The people were dying of thirst in the desert and revolting against Moses for leading them out of Egypt. Then God told Moses to strike a rock with his staff in the presence of all the people, and he would bring water out of the rock. But Moses doubted. Instead of declaring that God was going to do, he hedged his bet by asking the people. “Are we going to bring water out of this rock?” And in his anxiety he hit the rock twice.

For this God blamed him: “You were not faithful to me in showing forth my sanctity before the Israelites.” Moses’ hesitancy was an obstacle that kept God from revealing his goodness and power as impressively as he intended and the people needed. But in spite of this lapse, Moses is still one of the greatest figures in Judeo-Christian history. His story simply warns us all, no matter how faithful we have been all our lives, that we have to keep listening daily and responding to God’s inspirations with discerning faith: “If today you hear his voice, harden not your hearts.”

Matthew 16: 13-23 is a similar story. Peter, in the name of all the disciples, makes his great profession of faith in Christ’s identity, and for this Jesus gives him the “keys of the kingdom of heaven.” This is the origin of Peter’s “primacy” among the apostles and the primacy of the Bishop of Rome among other bishops. Jesus told Peter he was listening to the right voice: “flesh and blood has not revealed this to you, but my Father in heaven.”

The first thing Peter does, however, after being made pope is to brush off what Jesus is saying and try to lead the Church astray! When Jesus said he was going to establish the Kingdom by dying on the cross, Peter said, “God forbid!” In response, Jesus spoke to Peter more fiercely than he spoke to any individual in the Gospels: “Get behind me, Satan! You are an obstacle to me.” Peter had changed channels and was listening to the wrong voice: “You are thinking, not as God does, but as human beings do.” Peter failed to keep in mind the warning, “If today you hear his voice, harden not your hearts.” He was reacting just as a Jew of his times, accepting the cultural expectations and prejudices of his milieu, “following the crowd” instead of listening to Jesus and the Spirit. If Peter could fall into this, it is obviously a pitfall all ministers must be on guard against.

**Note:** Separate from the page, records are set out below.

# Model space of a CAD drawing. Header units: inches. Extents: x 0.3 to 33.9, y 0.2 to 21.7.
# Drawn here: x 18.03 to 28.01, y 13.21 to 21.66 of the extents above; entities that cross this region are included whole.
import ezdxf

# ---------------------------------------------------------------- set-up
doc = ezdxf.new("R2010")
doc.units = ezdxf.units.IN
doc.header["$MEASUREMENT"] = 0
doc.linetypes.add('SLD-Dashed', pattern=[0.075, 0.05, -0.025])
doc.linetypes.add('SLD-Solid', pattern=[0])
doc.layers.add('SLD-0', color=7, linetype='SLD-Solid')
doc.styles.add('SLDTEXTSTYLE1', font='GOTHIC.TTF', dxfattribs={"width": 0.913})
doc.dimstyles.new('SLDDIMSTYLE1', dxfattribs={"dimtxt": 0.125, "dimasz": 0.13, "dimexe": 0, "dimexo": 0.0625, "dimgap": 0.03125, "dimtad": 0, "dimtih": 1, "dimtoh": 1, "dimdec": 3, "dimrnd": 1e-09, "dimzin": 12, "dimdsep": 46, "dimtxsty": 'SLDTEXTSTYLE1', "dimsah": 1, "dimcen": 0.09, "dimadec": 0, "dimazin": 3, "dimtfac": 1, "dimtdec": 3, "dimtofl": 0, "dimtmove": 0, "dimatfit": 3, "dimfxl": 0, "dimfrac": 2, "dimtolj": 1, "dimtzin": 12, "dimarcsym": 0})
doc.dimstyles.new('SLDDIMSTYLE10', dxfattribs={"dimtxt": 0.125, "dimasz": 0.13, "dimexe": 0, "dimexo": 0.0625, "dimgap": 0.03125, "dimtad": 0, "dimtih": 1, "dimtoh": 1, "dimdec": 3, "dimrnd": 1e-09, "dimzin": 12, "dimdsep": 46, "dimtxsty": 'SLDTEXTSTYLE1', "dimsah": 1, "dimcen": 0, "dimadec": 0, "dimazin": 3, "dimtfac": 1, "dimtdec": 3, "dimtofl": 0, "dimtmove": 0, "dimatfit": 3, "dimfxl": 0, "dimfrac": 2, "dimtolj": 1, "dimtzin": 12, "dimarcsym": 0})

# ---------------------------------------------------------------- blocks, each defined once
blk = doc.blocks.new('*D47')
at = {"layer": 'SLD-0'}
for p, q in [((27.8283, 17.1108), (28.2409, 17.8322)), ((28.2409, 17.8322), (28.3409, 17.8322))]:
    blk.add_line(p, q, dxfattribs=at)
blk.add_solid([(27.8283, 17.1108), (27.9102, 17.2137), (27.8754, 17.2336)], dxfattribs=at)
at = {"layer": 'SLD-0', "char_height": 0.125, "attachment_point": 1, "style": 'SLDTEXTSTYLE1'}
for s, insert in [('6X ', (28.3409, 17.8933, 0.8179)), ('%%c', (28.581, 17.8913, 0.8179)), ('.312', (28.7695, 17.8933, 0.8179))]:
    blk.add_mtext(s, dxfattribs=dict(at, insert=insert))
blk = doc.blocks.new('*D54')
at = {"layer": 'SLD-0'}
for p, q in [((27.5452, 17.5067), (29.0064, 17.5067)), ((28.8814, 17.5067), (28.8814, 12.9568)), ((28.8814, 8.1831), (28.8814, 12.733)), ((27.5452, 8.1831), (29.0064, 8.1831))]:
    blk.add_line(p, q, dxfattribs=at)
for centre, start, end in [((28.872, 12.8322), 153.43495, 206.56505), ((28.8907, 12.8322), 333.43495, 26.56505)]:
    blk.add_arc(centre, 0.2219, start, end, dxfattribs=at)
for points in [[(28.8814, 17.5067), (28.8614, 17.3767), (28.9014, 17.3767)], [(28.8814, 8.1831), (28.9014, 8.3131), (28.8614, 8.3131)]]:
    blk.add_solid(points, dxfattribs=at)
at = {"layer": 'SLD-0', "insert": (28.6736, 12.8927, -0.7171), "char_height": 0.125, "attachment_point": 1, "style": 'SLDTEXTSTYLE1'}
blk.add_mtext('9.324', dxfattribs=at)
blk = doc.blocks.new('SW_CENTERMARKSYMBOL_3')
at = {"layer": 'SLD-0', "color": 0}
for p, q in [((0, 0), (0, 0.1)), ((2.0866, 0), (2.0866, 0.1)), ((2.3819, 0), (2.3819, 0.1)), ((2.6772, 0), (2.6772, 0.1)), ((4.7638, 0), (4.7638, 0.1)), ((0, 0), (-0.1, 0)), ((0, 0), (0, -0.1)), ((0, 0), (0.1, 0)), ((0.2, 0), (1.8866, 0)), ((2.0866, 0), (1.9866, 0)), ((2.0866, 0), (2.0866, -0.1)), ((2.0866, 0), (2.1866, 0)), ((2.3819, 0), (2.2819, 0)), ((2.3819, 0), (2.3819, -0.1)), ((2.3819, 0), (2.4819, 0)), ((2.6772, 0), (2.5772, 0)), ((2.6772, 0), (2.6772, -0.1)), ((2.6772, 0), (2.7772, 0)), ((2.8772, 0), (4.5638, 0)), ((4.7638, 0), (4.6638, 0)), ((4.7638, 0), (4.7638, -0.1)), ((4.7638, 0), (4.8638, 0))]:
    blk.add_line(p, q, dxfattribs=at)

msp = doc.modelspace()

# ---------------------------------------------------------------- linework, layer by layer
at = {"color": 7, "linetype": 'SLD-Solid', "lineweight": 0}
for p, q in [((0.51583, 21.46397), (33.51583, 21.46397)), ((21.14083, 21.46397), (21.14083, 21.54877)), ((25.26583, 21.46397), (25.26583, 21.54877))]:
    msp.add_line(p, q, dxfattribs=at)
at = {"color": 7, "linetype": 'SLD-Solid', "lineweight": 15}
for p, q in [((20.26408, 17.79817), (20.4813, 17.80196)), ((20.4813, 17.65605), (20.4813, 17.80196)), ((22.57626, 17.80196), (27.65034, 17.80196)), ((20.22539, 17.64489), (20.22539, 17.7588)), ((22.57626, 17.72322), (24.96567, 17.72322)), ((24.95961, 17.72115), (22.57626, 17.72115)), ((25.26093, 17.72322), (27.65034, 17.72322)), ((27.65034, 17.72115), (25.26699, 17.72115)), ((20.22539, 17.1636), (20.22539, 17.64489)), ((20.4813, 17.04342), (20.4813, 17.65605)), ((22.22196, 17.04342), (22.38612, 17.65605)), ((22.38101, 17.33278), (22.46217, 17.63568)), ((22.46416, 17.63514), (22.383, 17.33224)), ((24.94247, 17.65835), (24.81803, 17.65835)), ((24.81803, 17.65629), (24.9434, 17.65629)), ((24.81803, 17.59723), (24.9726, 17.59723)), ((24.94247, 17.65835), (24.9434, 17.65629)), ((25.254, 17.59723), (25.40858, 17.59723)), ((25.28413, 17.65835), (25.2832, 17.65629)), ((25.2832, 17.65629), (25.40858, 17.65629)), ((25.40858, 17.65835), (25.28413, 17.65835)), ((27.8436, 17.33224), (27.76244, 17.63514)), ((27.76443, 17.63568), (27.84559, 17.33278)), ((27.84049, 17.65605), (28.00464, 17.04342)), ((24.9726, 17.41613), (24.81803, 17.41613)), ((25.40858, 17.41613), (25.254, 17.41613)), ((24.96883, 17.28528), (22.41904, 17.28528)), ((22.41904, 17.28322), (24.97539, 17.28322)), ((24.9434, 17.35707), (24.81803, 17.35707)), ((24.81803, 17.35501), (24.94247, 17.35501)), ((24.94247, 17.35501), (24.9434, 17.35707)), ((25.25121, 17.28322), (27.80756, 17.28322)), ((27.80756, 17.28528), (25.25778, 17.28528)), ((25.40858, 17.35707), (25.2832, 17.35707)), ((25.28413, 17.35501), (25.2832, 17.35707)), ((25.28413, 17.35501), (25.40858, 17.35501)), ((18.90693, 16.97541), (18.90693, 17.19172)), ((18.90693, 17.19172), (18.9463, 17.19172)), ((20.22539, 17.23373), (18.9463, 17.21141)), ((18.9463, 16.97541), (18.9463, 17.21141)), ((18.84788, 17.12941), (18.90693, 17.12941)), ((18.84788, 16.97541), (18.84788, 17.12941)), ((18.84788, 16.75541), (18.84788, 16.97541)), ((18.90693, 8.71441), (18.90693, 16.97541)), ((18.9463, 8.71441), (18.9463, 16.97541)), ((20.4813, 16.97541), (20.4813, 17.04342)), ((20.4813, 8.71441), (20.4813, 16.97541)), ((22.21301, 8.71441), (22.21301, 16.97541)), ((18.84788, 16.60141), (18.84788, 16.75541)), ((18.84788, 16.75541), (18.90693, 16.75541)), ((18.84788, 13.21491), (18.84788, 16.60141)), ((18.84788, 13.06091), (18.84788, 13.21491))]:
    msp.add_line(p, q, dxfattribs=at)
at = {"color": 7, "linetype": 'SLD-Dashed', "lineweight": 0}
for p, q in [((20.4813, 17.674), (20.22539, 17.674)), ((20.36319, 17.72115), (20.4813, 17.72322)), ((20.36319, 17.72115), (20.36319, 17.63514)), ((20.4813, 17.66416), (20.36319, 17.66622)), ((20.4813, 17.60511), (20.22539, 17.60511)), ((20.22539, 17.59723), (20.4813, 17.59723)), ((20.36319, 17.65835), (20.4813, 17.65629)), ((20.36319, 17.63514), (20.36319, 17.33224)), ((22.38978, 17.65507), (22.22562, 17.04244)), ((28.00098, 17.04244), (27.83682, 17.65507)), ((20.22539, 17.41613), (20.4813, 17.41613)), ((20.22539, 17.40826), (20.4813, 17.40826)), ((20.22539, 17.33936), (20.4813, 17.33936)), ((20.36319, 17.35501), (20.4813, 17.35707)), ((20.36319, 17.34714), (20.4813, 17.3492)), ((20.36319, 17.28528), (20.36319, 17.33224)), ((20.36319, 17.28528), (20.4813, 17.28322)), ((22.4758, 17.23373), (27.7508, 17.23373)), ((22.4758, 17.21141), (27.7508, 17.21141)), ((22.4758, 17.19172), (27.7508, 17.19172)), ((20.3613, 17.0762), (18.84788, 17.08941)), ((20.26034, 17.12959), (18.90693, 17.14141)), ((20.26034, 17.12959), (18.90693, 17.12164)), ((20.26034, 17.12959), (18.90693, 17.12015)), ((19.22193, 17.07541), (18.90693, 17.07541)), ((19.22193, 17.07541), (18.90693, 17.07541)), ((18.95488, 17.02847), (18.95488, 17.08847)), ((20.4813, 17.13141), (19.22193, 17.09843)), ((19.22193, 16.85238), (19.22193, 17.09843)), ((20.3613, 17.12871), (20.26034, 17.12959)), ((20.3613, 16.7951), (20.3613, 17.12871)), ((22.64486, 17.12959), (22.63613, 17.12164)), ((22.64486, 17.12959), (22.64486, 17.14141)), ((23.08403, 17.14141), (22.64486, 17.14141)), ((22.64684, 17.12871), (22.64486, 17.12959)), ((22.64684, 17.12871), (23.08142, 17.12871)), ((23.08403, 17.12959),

In every Eucharistic Prayer we pray especially for the Pope and local bishops by name, and for all the bishops and clergy throughout the world. This is not because they are more important than others, but because of their special role and responsibility in preserving the unity of the Church. Our heartfelt prayer for them is, “If today you hear his voice, harden not your hearts.”

Initiative: Be a priest. Listen to God’s voice with a discerning heart.